Oggi, un secolo dopo, la questione si rinnova e dovrà essere la capacità della futura generazione di rivoluzionari in Cina a superare la posizione unilaterale e tendente all’immobilismo della direzione del Pcc (che, chiariamo, ha delle sue ragioni) e soprattutto della burocrazia cinese in una nuova, più avanzata organizzazione sociale che sappia tesaurizzare gli elementi più avanzati della Rpc ma, con l’aiuto delle masse, spingere ad uno stadio superiore la costruzione del socialismo in Cina, come indicato già da Mao. I problemi e le complessità di analisi, tuttavia, sembrano apparire ad ogni angolo.

Conclusioni provvisorie

Avviandoci a concludere, cerchiamo di riprendere le fila della situazione odierna della Cina, per capire cosa resta da fare in funzione di uno sviluppo della società cinese in senso socialista. È indubbio che le pressioni sono violentissime: immaginate un paese che in 30 anni è passato da una struttura agricola arcaica ad essere ora (o prossimamente) la più grande potenza mondiale, al centro dei principali scontri internazionali sul piano diplomatico, economico, geopolitico e militare ed in grado di influenzare un’enorme parte dei paesi (specie arretrati) attraendoli nella sua sfera di influenza. Parliamo di uno Stato, poi, nato da una rivoluzione socialista e sviluppato in senso socialista, ma d’altro canto anche cresciuto da decenni nel libero mercato, con una quantità enorme di miliardari che godono del sostegno del grande capitale internazionale ed un mercato finanziario non più trascurabile.

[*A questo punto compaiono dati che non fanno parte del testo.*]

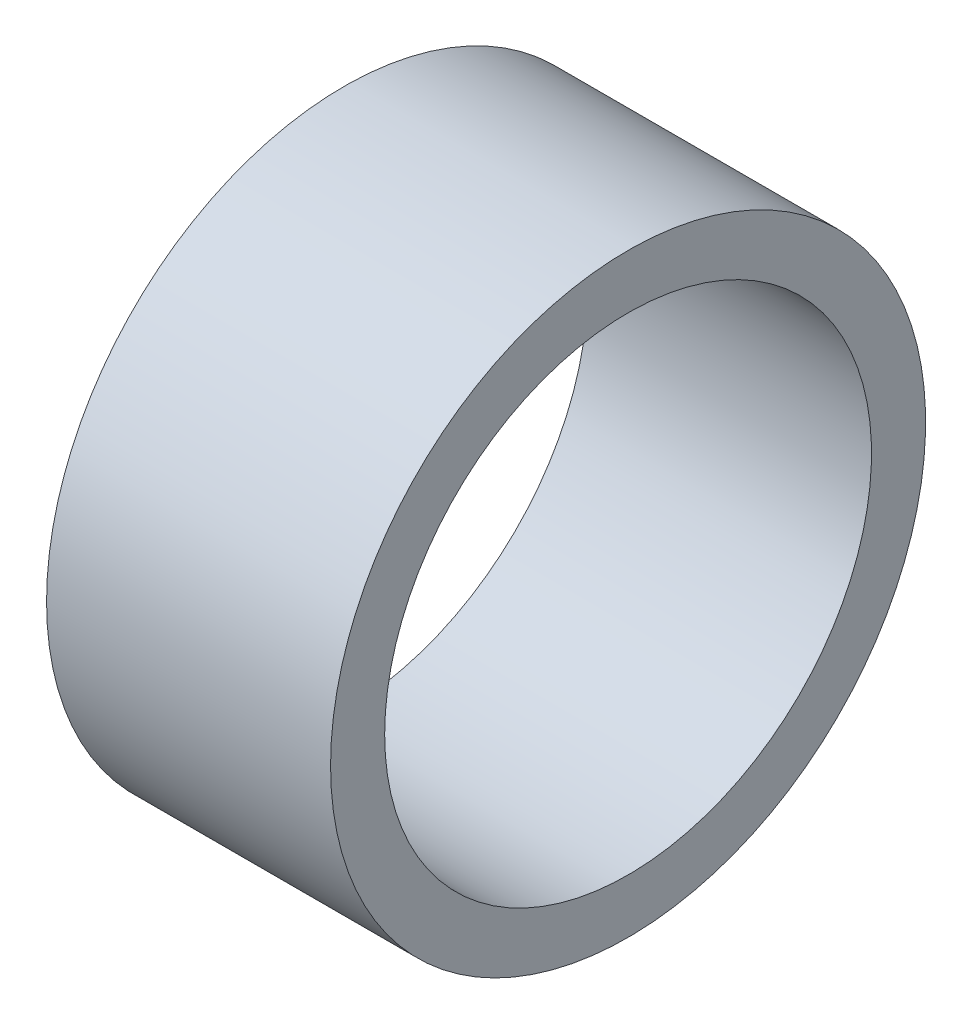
from build123d import *

# Parameters (mm, degrees)
ESQUISSE1_W = 21
ESQUISSE1_H = 4


with BuildPart() as part:
    # Esquisse1 → R_volution1 (revolve)
    with BuildSketch(Plane(origin=(0, 0, 0), x_dir=(-1, 0, 0), z_dir=(0, 0, -1)), mode=Mode.PRIVATE) as r_volution1_sk:
        with Locations((-10.5, 20)):
            Rectangle(ESQUISSE1_W, ESQUISSE1_H)
    revolve(r_volution1_sk.sketch.rotate(Axis((21, 0, 0), (-1, 0, 0)), 270), axis=Axis((21, 0, 0), (-1, 0, 0)))


solid = part.part

Si capisce bene che le complessità ci sono e sono enormi, tanto che anche chi se ne intende, spesso, fa fatica a dire cosa sia l’organizzazione socioeconomica della Cina al di fuori della formula autoreferenziale del “socialismo di mercato alla cinese”. Si tratta di uno Stato socialista? Di una forma, quale che sia, del capitalismo di Stato? O forse, come dicono alcune persone, parliamo di uno Stato capitalista-imperialista? Proviamo anche qui a addentrarci nel ragionamento per vedere cosa ne deduciamo, analizzando rapidamente la gestione che c’è in Cina delle banche, dell’agricoltura, dell’industria e delle relazioni internazionali, tenendo presente il rapporto tra l’eredità socialista (che resiste alla transizione al capitalismo) e la svolta capitalista nel paese.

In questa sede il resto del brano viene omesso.